Photo credit: commons.wikimedia.org

“Only buy something that you’d be perfectly happy to hold if the market shut down for 10 years.”

— Warren Buffett

One of the most important things investors can learn from Warren Buffett, is about how they approach their time horizon for an investment into a stock under consideration. Because immediately after buying shares of a given stock, investors will then be able to check on the day-to-day (and even minute-by-minute) market value. Some days the stock market will be up, other days down. These daily fluctuations can often distract from the long-term view.
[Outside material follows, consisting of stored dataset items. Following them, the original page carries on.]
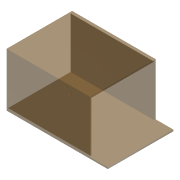
# Autodesk Inventor part: Bucket
Saved by Autodesk Inventor 2015 (Build 190159000, 159)
## iProperties
Created: 2015-01-24
Part Number: Bucket
Material: Generic
Document SubType Name: Modeling
Designer: rihoobler
Density: 1 g/cm^3
Appearance: Polycarbonate - Smoked
Author: rihoobler
Autodesk Inventor part; units mm, degrees
ref_plane "YZ Plane" through (0, 0, 0) normal (1, 0, 0) x (0, 1, 0)
ref_plane "XZ Plane" through (0, 0, 0) normal (0, 1, 0) x (-1, 0, 0)
ref_plane "XY Plane" through (0, 0, 0) normal (0, 0, 1) x (1, 0, 0)
sketch "Sketch1" plane through (0, 0, 0) normal (1, 0, 0) x (0, 1, 0)
  line L0 (0, 0) -> (114.3, 0)
  line L1 (114.3, 0) -> (114.3, -139.7)
  line L2 (114.3, -139.7) -> (0, -139.7)
  line L3 (0, -139.7) -> (0, 0)
  line L4 (111.125, -136.525) -> (111.125, -3.175)
  line L5 (111.125, -3.175) -> (3.175, -3.175)
  line L6 (3.175, -3.175) -> (3.175, -136.525)
  line L7 (3.175, -136.525) -> (111.125, -136.525)
  dimension "d0" = 114.3
  dimension "d1" = 139.7
  dimension "d2" = 3.175
  constraints: 16 end point, 4 parallel, 2 perpendicular, 1 horizontal, 3 other
  measures "d0" distance of L1.end L2.end
  measures "d1" distance of L0.end L1.end
  measures "d2" distance between parallel lines of L0 L5
extrude "Extrusion1" add sketch "Sketch1" along normal blind 215.9
sketch "Sketch2" plane through (0, 0, 0) normal (0, 0, 1) x (1, 0, 0)
  line L0 (215.9, 114.3) -> (177.8, 114.3)
  line L1 (177.8, 114.3) -> (177.8, 3.175)
  line L2 (177.8, 3.175) -> (215.9, 3.175)
  line L3 (215.9, 3.175) -> (215.9, 114.3)
  point P0 (0, 0)
  dimension "d5" = 38.1
  dimension "d6" = 111.125
  constraints: 8 end point, 2 parallel, 1 horizontal, 1 perpendicular
  measures "d5" distance of L2.end L1.end
  measures "d6" distance of L1.end L0.end
extrude "Extrusion2" cut sketch "Sketch2" against normal through all
sketch "Sketch4" plane through (0, 0, 0) normal (0, 0, 1) x (1, 0, 0)
  line L0 (177.8, 3.175) -> (177.8, 114.3) projected
  line L1 (0, 114.3) -> (177.8, 114.3) projected
  circle A0 centre (127, 97.79) radius 4
  line L2 (127, 97.79) -> (134.9404, 98.765)
  line L3 (127, 97.79) -> (135, 97.79) construction
  line L4 (127, 97.79) -> (126.025, 105.7304)
  circle A1 centre (126.025, 105.7304) radius 1.85
  circle A2 centre (134.9404, 98.765) radius 1.85
  dimension "d13" = 50.8
  dimension "d14" = 16.51
  dimension "d15" = 8
  dimension "d16" = 8
  dimension "d17" = 353
  dimension "d18" = 8
  dimension "d19" = 3.7
  dimension "d20" = 3.7
  dimension "d23" = 90
  constraints: 6 end point, 3 centre point, 3 coincident, 1 equal length, 1 horizontal
  measures "d13" distance from line of L0 point (127, 97.79)
  measures "d14" distance from line of L1 point (127, 97.79)
  measures "d15" diameter of A0
  measures "d16" distance of L2.start L2.end
  measures "d18" distance of L2.start L4.end
  measures "d19" diameter of A1
  measures "d20" diameter of A2
  measures "d23" angle of L2 L4
extrude "Extrusion3" cut sketch "Sketch4" against normal blind 25.4 contours A1 | A2
body "Solid1"

Today, we look at the result of a decade-long holding period for an investor who was considering Autodesk Inc (NASD: ADSK) back in 2011, bought the stock, ignored the market’s ups and downs, and simply held through to today.

Start date: 04/06/2011
$10,000

04/06/2011
$66,349

04/05/2021
End date: 04/05/2021
Start price/share: $43.47
End price/share: $288.32
Starting shares: 230.04
Ending shares: 230.04
Dividends reinvested/share: $0.00
Total return: 563.26%
Average annual return: 20.82%
Starting investment: $10,000.00
Ending investment: $66,349.61

The above analysis shows the decade-long investment result worked out exceptionally well, with an annualized rate of return of 20.82%. This would have turned a $10K investment made 10 years ago into $66,349.61 today (as of 04/05/2021). On a total return basis, that’s a result of 563.26% (something to think about: how might ADSK shares perform over the next 10 years?). [These numbers were computed with the Dividend Channel DRIP Returns Calculator.]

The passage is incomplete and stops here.